I have held off doing too much in the way of experiments as I would like to include ""--seqsv2", but I suppose that isn't really necessary as that was implicitly turned on in "--newruntime". I guess I'll start with some copying experiments somewhere combining use of copying seq's, string's, closures containing ref's, and ref's. It would seem to be easy to test it I just new how to "hook" into the disposal of ref's when at the end of proc's in the way that "nominal" types get the "hooks" called now.
I would like to work within the framework of the ``=destroy``, ``=``, ``=sink``, and ``=destroy`` "hooks" but as applied to ``ref``'s and not to just "nominal" types. Would this be possible?

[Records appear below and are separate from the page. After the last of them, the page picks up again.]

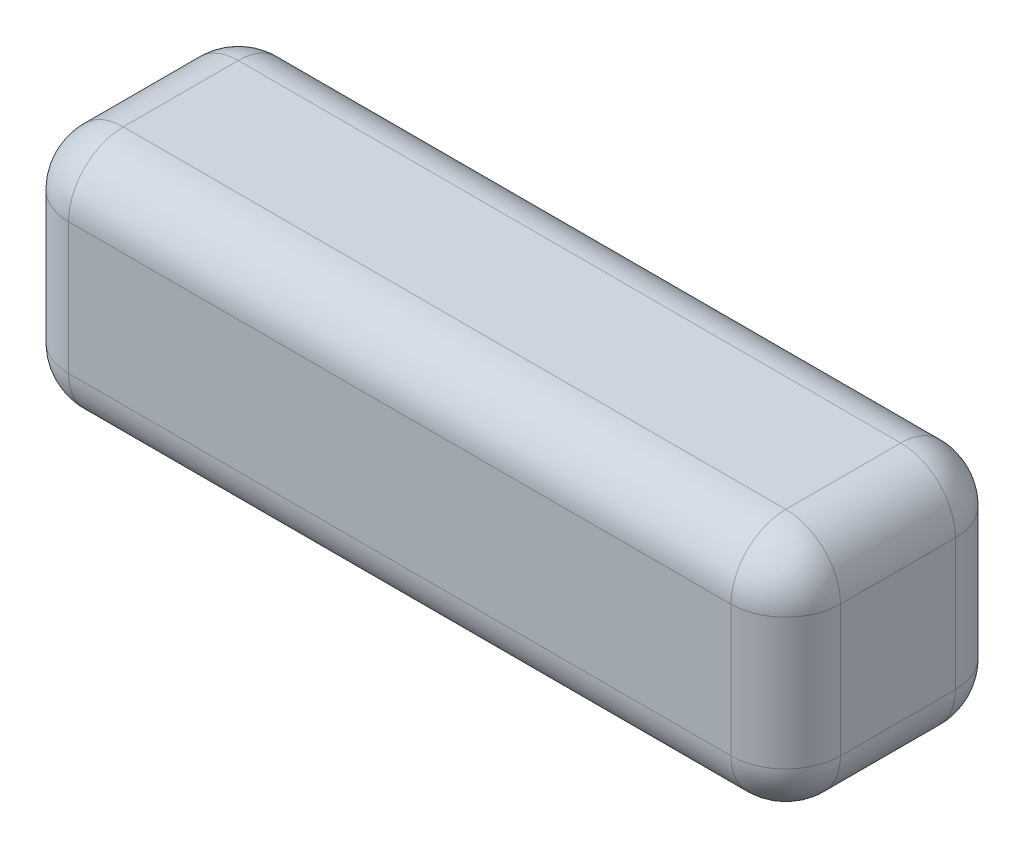
ISO-10303-21;
HEADER;
FILE_DESCRIPTION(('STEP AP214'),'2;1');
FILE_NAME('part.step','',(''),(''),'','','');
FILE_SCHEMA(('AUTOMOTIVE_DESIGN { 1 0 10303 214 1 1 1 1 }'));
ENDSEC;
DATA;
#1=APPLICATION_CONTEXT('core data for automotive mechanical design processes');
#2=APPLICATION_PROTOCOL_DEFINITION('international standard','automotive_design',2000,#1);
#3=PRODUCT_CONTEXT('',#1,'mechanical');
#4=PRODUCT('Part','Part','',(#3));
#5=PRODUCT_RELATED_PRODUCT_CATEGORY('part','',(#4));
#6=PRODUCT_DEFINITION_FORMATION('','',#4);
#7=PRODUCT_DEFINITION_CONTEXT('part definition',#1,'design');
#8=PRODUCT_DEFINITION('design','',#6,#7);
#9=PRODUCT_DEFINITION_SHAPE('','',#8);
#10=(LENGTH_UNIT() NAMED_UNIT(*) SI_UNIT(.MILLI.,.METRE.));
#11=(NAMED_UNIT(*) PLANE_ANGLE_UNIT() SI_UNIT($,.RADIAN.));
#12=(NAMED_UNIT(*) SI_UNIT($,.STERADIAN.) SOLID_ANGLE_UNIT());
#13=UNCERTAINTY_MEASURE_WITH_UNIT(LENGTH_MEASURE(1.E-05),#10,'distance_accuracy_value','');
#14=(GEOMETRIC_REPRESENTATION_CONTEXT(3) GLOBAL_UNCERTAINTY_ASSIGNED_CONTEXT((#13)) GLOBAL_UNIT_ASSIGNED_CONTEXT((#10,
#11,#12)) REPRESENTATION_CONTEXT('',''));
#15=CARTESIAN_POINT('',(0.,0.,0.));
#16=DIRECTION('',(0.,0.,1.));
#17=DIRECTION('',(1.,0.,0.));
#18=AXIS2_PLACEMENT_3D('',#15,#16,#17);
#19=CARTESIAN_POINT('',(-70.4999999999999,44.,-20.5));
#20=DIRECTION('',(1.,0.,0.));
#21=DIRECTION('',(0.,0.,-1.));
#22=AXIS2_PLACEMENT_3D('',#19,#20,#21);
#23=PLANE('',#22);
#24=DIRECTION('',(0.,-1.,0.));
#25=VECTOR('',#24,1.);
#26=CARTESIAN_POINT('',(-70.4999999999999,44.,10.5));
#27=LINE('',#26,#25);
#28=CARTESIAN_POINT('',(-70.4999999999999,10.,10.5));
#29=VERTEX_POINT('',#28);
#30=CARTESIAN_POINT('',(-70.4999999999999,34.,10.5));
#31=VERTEX_POINT('',#30);
#32=EDGE_CURVE('E136',#29,#31,#27,.F.);
#33=ORIENTED_EDGE('',*,*,#32,.T.);
#34=DIRECTION('',(0.,0.,1.));
#35=VECTOR('',#34,1.);
#36=CARTESIAN_POINT('',(-70.4999999999999,34.,-20.5));
#37=LINE('',#36,#35);
#38=CARTESIAN_POINT('',(-70.4999999999999,34.,-10.5));
#39=VERTEX_POINT('',#38);
#40=EDGE_CURVE('E173',#31,#39,#37,.F.);
#41=ORIENTED_EDGE('',*,*,#40,.T.);
#42=DIRECTION('',(0.,-1.,0.));
#43=VECTOR('',#42,1.);
#44=CARTESIAN_POINT('',(-70.4999999999999,44.,-10.5));
#45=LINE('',#44,#43);
#46=CARTESIAN_POINT('',(-70.4999999999999,10.,-10.5));
#47=VERTEX_POINT('',#46);
#48=EDGE_CURVE('E170',#39,#47,#45,.T.);
#49=ORIENTED_EDGE('',*,*,#48,.T.);
#50=DIRECTION('',(0.,0.,1.));
#51=VECTOR('',#50,1.);
#52=CARTESIAN_POINT('',(-70.4999999999999,10.,-20.5));
#53=LINE('',#52,#51);
#54=EDGE_CURVE('E165',#47,#29,#53,.T.);
#55=ORIENTED_EDGE('',*,*,#54,.T.);
#56=EDGE_LOOP('',(#33,#41,#49,#55));
#57=FACE_BOUND('',#56,.T.);
#58=ADVANCED_FACE('F41',(#57),#23,.F.);
#59=CARTESIAN_POINT('',(-70.4999999999999,44.,20.5));
#60=DIRECTION('',(0.,0.,-1.));
#61=DIRECTION('',(-1.,0.,0.));
#62=AXIS2_PLACEMENT_3D('',#59,#60,#61);
#63=PLANE('',#62);
#64=DIRECTION('',(0.,-1.,0.));
#65=VECTOR('',#64,1.);
#66=CARTESIAN_POINT('',(60.5000000000001,44.,20.5));
#67=LINE('',#66,#65);
#68=CARTESIAN_POINT('',(60.5000000000001,10.,20.5));
#69=VERTEX_POINT('',#68);
#70=CARTESIAN_POINT('',(60.5000000000001,34.,20.5));
#71=VERTEX_POINT('',#70);
#72=EDGE_CURVE('E158',#69,#71,#67,.F.);
#73=ORIENTED_EDGE('',*,*,#72,.T.);
#74=DIRECTION('',(1.,0.,0.));
#75=VECTOR('',#74,1.);
#76=CARTESIAN_POINT('',(-70.4999999999999,34.,20.5));
#77=LINE('',#76,#75);
#78=CARTESIAN_POINT('',(-60.4999999999999,34.,20.5));
#79=VERTEX_POINT('',#78);
#80=EDGE_CURVE('E162',#71,#79,#77,.F.);
#81=ORIENTED_EDGE('',*,*,#80,.T.);
#82=DIRECTION('',(0.,-1.,0.));
#83=VECTOR('',#82,1.);
#84=CARTESIAN_POINT('',(-60.4999999999999,44.,20.5));
#85=LINE('',#84,#83);
#86=CARTESIAN_POINT('',(-60.4999999999999,10.,20.5));
#87=VERTEX_POINT('',#86);
#88=EDGE_CURVE('E134',#79,#87,#85,.T.);
#89=ORIENTED_EDGE('',*,*,#88,.T.);
#90=DIRECTION('',(1.,0.,0.));
#91=VECTOR('',#90,1.);
#92=CARTESIAN_POINT('',(-70.4999999999999,10.,20.5));
#93=LINE('',#92,#91);
#94=EDGE_CURVE('E152',#87,#69,#93,.T.);
#95=ORIENTED_EDGE('',*,*,#94,.T.);
#96=EDGE_LOOP('',(#73,#81,#89,#95));
#97=FACE_BOUND('',#96,.T.);
#98=ADVANCED_FACE('F160',(#97),#63,.F.);
#99=CARTESIAN_POINT('',(70.5000000000001,44.,-20.5));
#100=DIRECTION('',(-1.,0.,0.));
#101=DIRECTION('',(0.,0.,1.));
#102=AXIS2_PLACEMENT_3D('',#99,#100,#101);
#103=PLANE('',#102);
#104=DIRECTION('',(0.,-1.,0.));
#105=VECTOR('',#104,1.);
#106=CARTESIAN_POINT('',(70.5000000000001,44.,-10.5));
#107=LINE('',#106,#105);
#108=CARTESIAN_POINT('',(70.5000000000001,10.,-10.5));
#109=VERTEX_POINT('',#108);
#110=CARTESIAN_POINT('',(70.5000000000001,34.,-10.5));
#111=VERTEX_POINT('',#110);
#112=EDGE_CURVE('E177',#109,#111,#107,.F.);
#113=ORIENTED_EDGE('',*,*,#112,.T.);
#114=DIRECTION('',(0.,0.,-1.));
#115=VECTOR('',#114,1.);
#116=CARTESIAN_POINT('',(70.5000000000001,34.,20.5));
#117=LINE('',#116,#115);
#118=CARTESIAN_POINT('',(70.5000000000001,34.,10.5));
#119=VERTEX_POINT('',#118);
#120=EDGE_CURVE('E182',#111,#119,#117,.F.);
#121=ORIENTED_EDGE('',*,*,#120,.T.);
#122=DIRECTION('',(0.,-1.,0.));
#123=VECTOR('',#122,1.);
#124=CARTESIAN_POINT('',(70.5000000000001,44.,10.5));
#125=LINE('',#124,#123);
#126=CARTESIAN_POINT('',(70.5000000000001,10.,10.5));
#127=VERTEX_POINT('',#126);
#128=EDGE_CURVE('E179',#119,#127,#125,.T.);
#129=ORIENTED_EDGE('',*,*,#128,.T.);
#130=DIRECTION('',(0.,0.,-1.));
#131=VECTOR('',#130,1.);
#132=CARTESIAN_POINT('',(70.5000000000001,10.,-20.5));
#133=LINE('',#132,#131);
#134=EDGE_CURVE('E175',#127,#109,#133,.T.);
#135=ORIENTED_EDGE('',*,*,#134,.T.);
#136=EDGE_LOOP('',(#113,#121,#129,#135));
#137=FACE_BOUND('',#136,.T.);
#138=ADVANCED_FACE('F287',(#137),#103,.F.);
#139=CARTESIAN_POINT('',(-70.4999999999999,44.,-20.5));
#140=DIRECTION('',(0.,0.,1.));
#141=DIRECTION('',(1.,0.,0.));
#142=AXIS2_PLACEMENT_3D('',#139,#140,#141);
#143=PLANE('',#142);
#144=DIRECTION('',(0.,-1.,0.));
#145=VECTOR('',#144,1.);
#146=CARTESIAN_POINT('',(-60.4999999999999,44.,-20.5));
#147=LINE('',#146,#145);
#148=CARTESIAN_POINT('',(-60.4999999999999,10.,-20.5));
#149=VERTEX_POINT('',#148);
#150=CARTESIAN_POINT('',(-60.4999999999999,34.,-20.5));
#151=VERTEX_POINT('',#150);
#152=EDGE_CURVE('E186',#149,#151,#147,.F.);
#153=ORIENTED_EDGE('',*,*,#152,.T.);
#154=DIRECTION('',(-1.,0.,0.));
#155=VECTOR('',#154,1.);
#156=CARTESIAN_POINT('',(70.5000000000001,34.,-20.5));
#157=LINE('',#156,#155);
#158=CARTESIAN_POINT('',(60.5000000000001,34.,-20.5));
#159=VERTEX_POINT('',#158);
#160=EDGE_CURVE('E191',#151,#159,#157,.F.);
#161=ORIENTED_EDGE('',*,*,#160,.T.);
#162=DIRECTION('',(0.,-1.,0.));
#163=VECTOR('',#162,1.);
#164=CARTESIAN_POINT('',(60.5000000000001,44.,-20.5));
#165=LINE('',#164,#163);
#166=CARTESIAN_POINT('',(60.5000000000001,10.,-20.5));
#167=VERTEX_POINT('',#166);
#168=EDGE_CURVE('E188',#159,#167,#165,.T.);
#169=ORIENTED_EDGE('',*,*,#168,.T.);
#170=DIRECTION('',(-1.,0.,0.));
#171=VECTOR('',#170,1.);
#172=CARTESIAN_POINT('',(-70.4999999999999,10.,-20.5));
#173=LINE('',#172,#171);
#174=EDGE_CURVE('E184',#167,#149,#173,.T.);
#175=ORIENTED_EDGE('',*,*,#174,.T.);
#176=EDGE_LOOP('',(#153,#161,#169,#175));
#177=FACE_BOUND('',#176,.T.);
#178=ADVANCED_FACE('F297',(#177),#143,.F.);
#179=CARTESIAN_POINT('',(0.,44.,0.));
#180=DIRECTION('',(0.,1.,0.));
#181=DIRECTION('',(0.,0.,1.));
#182=AXIS2_PLACEMENT_3D('',#179,#180,#181);
#183=PLANE('',#182);
#184=DIRECTION('',(0.,0.,-1.));
#185=VECTOR('',#184,1.);
#186=CARTESIAN_POINT('',(60.5000000000001,44.,-20.5));
#187=LINE('',#186,#185);
#188=CARTESIAN_POINT('',(60.5000000000001,44.,10.5));
#189=VERTEX_POINT('',#188);
#190=CARTESIAN_POINT('',(60.5000000000001,44.,-10.5));
#191=VERTEX_POINT('',#190);
#192=EDGE_CURVE('E197',#189,#191,#187,.T.);
#193=ORIENTED_EDGE('',*,*,#192,.T.);
#194=DIRECTION('',(-1.,0.,0.));
#195=VECTOR('',#194,1.);
#196=CARTESIAN_POINT('',(-70.4999999999999,44.,-10.5));
#197=LINE('',#196,#195);
#198=CARTESIAN_POINT('',(-60.4999999999999,44.,-10.5));
#199=VERTEX_POINT('',#198);
#200=EDGE_CURVE('E199',#191,#199,#197,.T.);
#201=ORIENTED_EDGE('',*,*,#200,.T.);
#202=DIRECTION('',(0.,0.,1.));
#203=VECTOR('',#202,1.);
#204=CARTESIAN_POINT('',(-60.4999999999999,44.,20.5));
#205=LINE('',#204,#203);
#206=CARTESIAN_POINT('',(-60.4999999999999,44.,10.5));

Is there a place in the code that could make these "hooks" readily accessible to me?
Thanks for the further data on async using ref counting GC - I didn't realize it only worked without the cycle detector and a further "tiny" code gen patch.
No, it also does work without its cycle collector, the cycle collector does no harm. The codegen patch is to break up a cycle which keeps the RC component from collecting.
Is there a place in the code that could make these "hooks" readily accessible to me?
At this point I suggest you join our IRC channel so that I can guide you through the codebase.